Organized by John A. Blakemore, a wealthy businessmen in the Abingdon
area, Annabel Morris Buchanan, a folklorist, and John Powell, a
world-renowned classical pianist, the festival consisted mainly of
instrumental and singing contests with some recreational dancing. The
next year, the festival expanded to two days of performances, craft
exhibitions, and a conference to celebrate all aspects of Appalachian
mountain culture. In 1935 more than 10,000 people attended the
festival to watch and hear more than 300 performers. There was no
festival in 1937 and the final two years drew small crowds. The
festival was held for the last time in 1939.

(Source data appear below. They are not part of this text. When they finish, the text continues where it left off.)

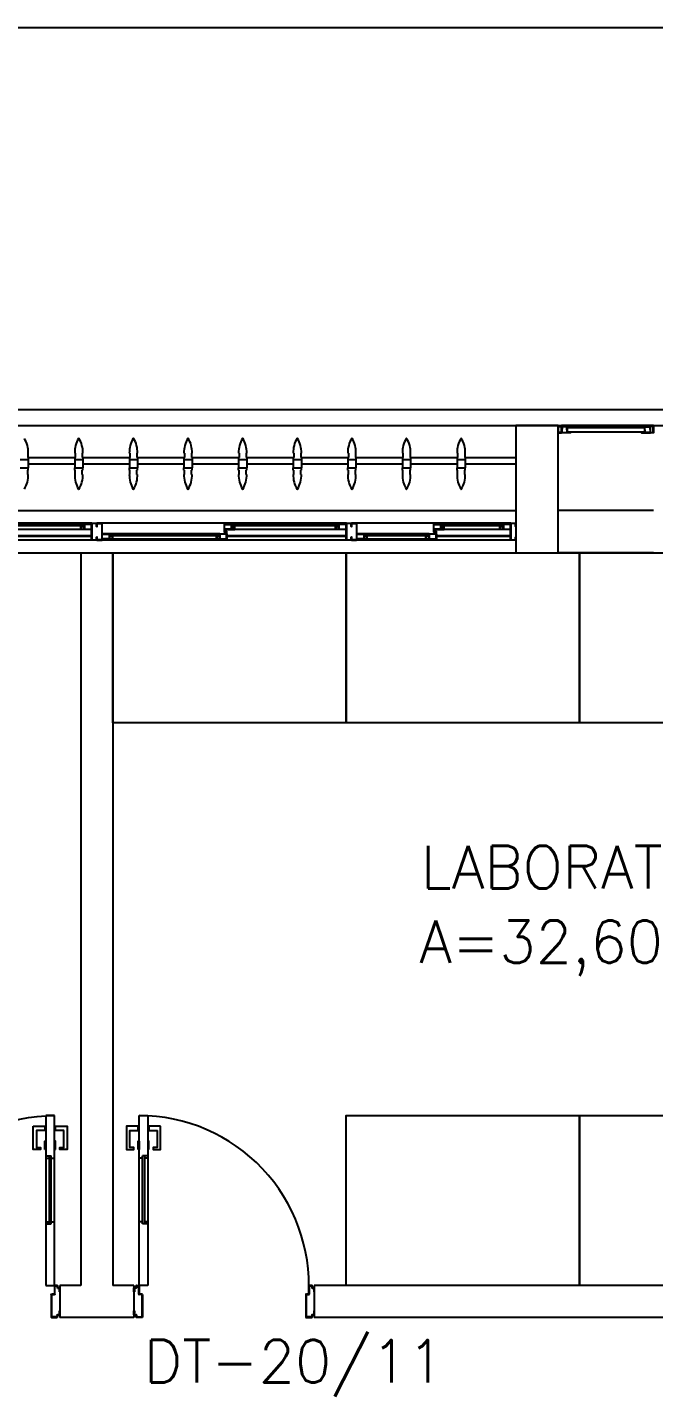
# Model space of a CAD drawing. Header units: millimetres. Extents: x 2128 to 2646, y 1972 to 2207.
# Drawn here: x 2393.51 to 2396.46, y 2048.99 to 2055.44 of the extents above; entities that cross this region are included whole.
import ezdxf

# ---------------------------------------------------------------- set-up
doc = ezdxf.new("R2010")
doc.units = ezdxf.units.MM
for name, color, linetype in [('AR-ALV', 2, 'Continuous'), ('AR-BANCADAS', 1, 'Continuous'), ('AR-BRISES', 1, 'Continuous'), ('AR-CALÇADA', 1, 'Continuous'), ('AR-ESQ', 1, 'Continuous'), ('AR-ESTC', 3, 'Continuous'), ('AR-PEITORIL', 1, 'Continuous'), ('AR-PORTA', 1, 'Continuous'), ('BC- VISTA', 1, 'Continuous'), ('BR-PAINEL', 1, 'Continuous'), ('BR-SUPORTE', 1, 'Continuous'), ('DT-ESQ-BAGUETE-C', 1, 'Continuous'), ('DT-ESQ-BAGUETE-V', 1, 'Continuous'), ('DT-ESQ-CHAPA DOBRADA-V', 1, 'Continuous'), ('DT-ESQ-PERFIL CADEIRA-C', 2, 'Continuous'), ('DT-ESQ-PERFIL CADEIRA-V', 2, 'Continuous'), ('DT-ESQ-PERFIL U SIMPLES-C', 2, 'Continuous'), ('DT-ESQ-PERFIL U-C', 2, 'Continuous'), ('DT-ESQ-PERFIL U-V', 1, 'Continuous'), ('DT-ESQ-VENEZIANA-C', 1, 'Continuous'), ('DT-ESQ-VENEZIANA-V', 1, 'Continuous'), ('DT-ESQ-VIDRO-C', 2, 'Continuous'), ('DT-TXTMOD', 1, 'Continuous'), ('ENDEREÇO', 2, 'Continuous'), ('ibio', 2, 'Continuous'), ('maçaneta', 1, 'Continuous'), ('mov', 1, 'Continuous'), ('PM-PERFIL U-C', 2, 'Continuous'), ('PM-VIDRO', 2, 'Continuous'), ('pm1', 2, 'Continuous'), ('pm2', 2, 'Continuous'), ('TEXTO', 2, 'Continuous'), ('Área', 2, 'Continuous')]:
    doc.layers.add(name, color=color, linetype=linetype)
doc.styles.add('S10', font='simplex.shx', dxfattribs={"height": 0.1})
doc.styles.add('UNB-100', font='simplex.shx', dxfattribs={"height": 0.2})
doc.styles.add('UNB1-100', font='simplex.shx', dxfattribs={"height": 0.2})

# ---------------------------------------------------------------- blocks, each defined once
blk = doc.blocks.new('EF40-P')
at = {"layer": 'DT-ESQ-BAGUETE-C', "ltscale": 0.1}
for points in [[(0.0735, -0.125), (0.06, -0.125), (0.06, -0.1235), (0.073, -0.1235, 0.414214), (0.0735, -0.123), (0.0735, -0.112, 0.414214), (0.073, -0.1115), (0.06, -0.1115), (0.06, -0.11), (0.0735, -0.11, -0.414214), (0.075, -0.1115), (0.075, -0.1235, -0.414214)], [(0.339, -0.125), (0.3525, -0.125), (0.3525, -0.1235), (0.3395, -0.1235, -0.414214), (0.339, -0.123), (0.339, -0.112, -0.414214), (0.3395, -0.1115), (0.3525, -0.1115), (0.3525, -0.11), (0.339, -0.11, 0.414214), (0.3375, -0.1115), (0.3375, -0.1235, 0.414214)], [(0.4225, -0.08), (0.409, -0.08), (0.409, -0.0785), (0.422, -0.0785, 0.414214), (0.4225, -0.078), (0.4225, -0.067, 0.414214), (0.422, -0.0665), (0.409, -0.0665), (0.409, -0.065), (0.4225, -0.065, -0.414214), (0.424, -0.0665), (0.424, -0.0785, -0.414214)], [(0.7015, -0.08), (0.715, -0.08), (0.715, -0.0785), (0.702, -0.0785, -0.414214), (0.7015, -0.078), (0.7015, -0.067, -0.414214), (0.702, -0.0665), (0.715, -0.0665), (0.715, -0.065), (0.7015, -0.065, 0.414214), (0.7, -0.0665), (0.7, -0.0785, 0.414214)], [(0.8485, -0.125), (0.835, -0.125), (0.835, -0.1235), (0.848, -0.1235, 0.414214), (0.8485, -0.123), (0.8485, -0.112, 0.414214), (0.848, -0.1115), (0.835, -0.1115), (0.835, -0.11), (0.8485, -0.11, -0.414214), (0.85, -0.1115), (0.85, -0.1235, -0.414214)], [(1.3265, -0.125), (1.34, -0.125), (1.34, -0.1235), (1.327, -0.1235, -0.414214), (1.3265, -0.123), (1.3265, -0.112, -0.414214), (1.327, -0.1115), (1.34, -0.1115), (1.34, -0.11), (1.3265, -0.11, 0.414214), (1.325, -0.1115), (1.325, -0.1235, 0.414214)], [(1.41, -0.08), (1.3965, -0.08), (1.3965, -0.0785), (1.4095, -0.0785, 0.414214), (1.41, -0.078), (1.41, -0.067, 0.414214), (1.4095, -0.0665), (1.3965, -0.0665), (1.3965, -0.065), (1.41, -0.065, -0.414214), (1.4115, -0.0665), (1.4115, -0.0785, -0.414214)], [(1.9015, -0.08), (1.915, -0.08), (1.915, -0.0785), (1.902, -0.0785, -0.414214), (1.9015, -0.078), (1.9015, -0.067, -0.414214), (1.902, -0.0665), (1.915, -0.0665), (1.915, -0.065), (1.9015, -0.065, 0.414214), (1.9, -0.0665), (1.9, -0.0785, 0.414214)], [(2.0485, -0.125), (2.035, -0.125), (2.035, -0.1235), (2.048, -0.1235, 0.414214), (2.0485, -0.123), (2.0485, -0.112, 0.414214), (2.048, -0.1115), (2.035, -0.1115), (2.035, -0.11), (2.0485, -0.11, -0.414214), (2.05, -0.1115), (2.05, -0.1235, -0.414214)]]:
    blk.add_lwpolyline(points, format="xyb", close=True, dxfattribs=at)
at = {"layer": 'DT-ESQ-BAGUETE-V', "ltscale": 0.1}
for p, q in [((0.0735, -0.11), (0.339, -0.11)), ((0.4225, -0.065), (0.7015, -0.065)), ((0.8485, -0.11), (1.3265, -0.11)), ((1.41, -0.065), (1.9015, -0.065)), ((2.0485, -0.11), (2.5265, -0.11))]:
    blk.add_line(p, q, dxfattribs=at)
at = {"layer": 'DT-ESQ-CHAPA DOBRADA-V', "ltscale": 0.1}
for p, q in [((0.025, -0.077), (0.374, -0.077)), ((0.025, -0.08), (0.374, -0.08)), ((0.8, -0.077), (1.3615, -0.077)), ((0.8, -0.08), (1.3615, -0.08)), ((2, -0.077), (2.5615, -0.077)), ((2, -0.08), (2.5615, -0.08))]:
    blk.add_line(p, q, dxfattribs=at)
at = {"layer": 'DT-ESQ-PERFIL CADEIRA-C', "ltscale": 0.1}
for p, q in [((0.376, -0.0885), (0.4225, -0.0885)), ((0.75, -0.0885), (0.7015, -0.0885)), ((1.3635, -0.0885), (1.41, -0.0885)), ((1.95, -0.0885), (1.9015, -0.0885)), ((0.025, -0.1335), (0.0735, -0.1335)), ((0.3855, -0.1335), (0.339, -0.1335)), ((0.8, -0.1335), (0.8485, -0.1335)), ((1.373, -0.1335), (1.3265, -0.1335)), ((2, -0.1335), (2.0485, -0.1335))]:
    blk.add_line(p, q, dxfattribs=at)
for points in [[(0.0735, -0.135), (0.025, -0.135), (0.025, -0.1335), (0.06, -0.1335, -0.198912), (0.0589, -0.1331, -0.198913), (0.0585, -0.132), (0.0585, -0.112, 0.414214), (0.058, -0.1115), (0.025, -0.1115), (0.025, -0.11), (0.0585, -0.11, -0.414214), (0.06, -0.1115), (0.06, -0.1235), (0.06, -0.125), (0.06, -0.132), (0.0735, -0.132, -1)], [(0.339, -0.132, 1), (0.339, -0.135), (0.3855, -0.135, 0.414214), (0.3875, -0.133), (0.3875, -0.112, 0.414214), (0.3855, -0.11), (0.354, -0.11, 0.414214), (0.3525, -0.1115), (0.3525, -0.132)], [(0.3525, -0.1335, 0.198913), (0.3536, -0.1331, 0.198913), (0.354, -0.132), (0.354, -0.112, -0.414214), (0.3545, -0.1115), (0.3855, -0.1115, -0.414214), (0.386, -0.112), (0.386, -0.133, -0.414214), (0.3855, -0.1335)], [(0.4225, -0.087, -1), (0.4225, -0.09), (0.376, -0.09, -0.414214), (0.374, -0.088), (0.374, -0.067, -0.414214), (0.376, -0.065), (0.4075, -0.065, -0.414214), (0.409, -0.0665), (0.409, -0.087)], [(0.409, -0.0885, -0.198913), (0.4079, -0.0881, -0.198913), (0.4075, -0.087), (0.4075, -0.067, 0.414214), (0.407, -0.0665), (0.376, -0.0665, 0.414214), (0.3755, -0.067), (0.3755, -0.088, 0.414214), (0.376, -0.0885)], [(0.7015, -0.09), (0.75, -0.09), (0.75, -0.0885), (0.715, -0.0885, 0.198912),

Powell and Buchanan envisioned the White Top festival as a means to
assert the authenticity of British-American culture. Performers were
limited to approved music in an attempt to root out any commercial
influences. In 1934 one reviewer noted that some 200 bands were
eliminated from competition "by reason of their evident leaning toward
what radio listeners now know as hill-billy music, in which the folk
tradition is caricatured." African American performers were not
allowed.
Eleanor Roosevelt posed with White Top Folk Festival
contestants Frank Blevins (fiddle), Jack Reedy (banjo), Edd Blevins
(guitar), and six-year-old mandolin sensation, Muriel Dockery, in
1933.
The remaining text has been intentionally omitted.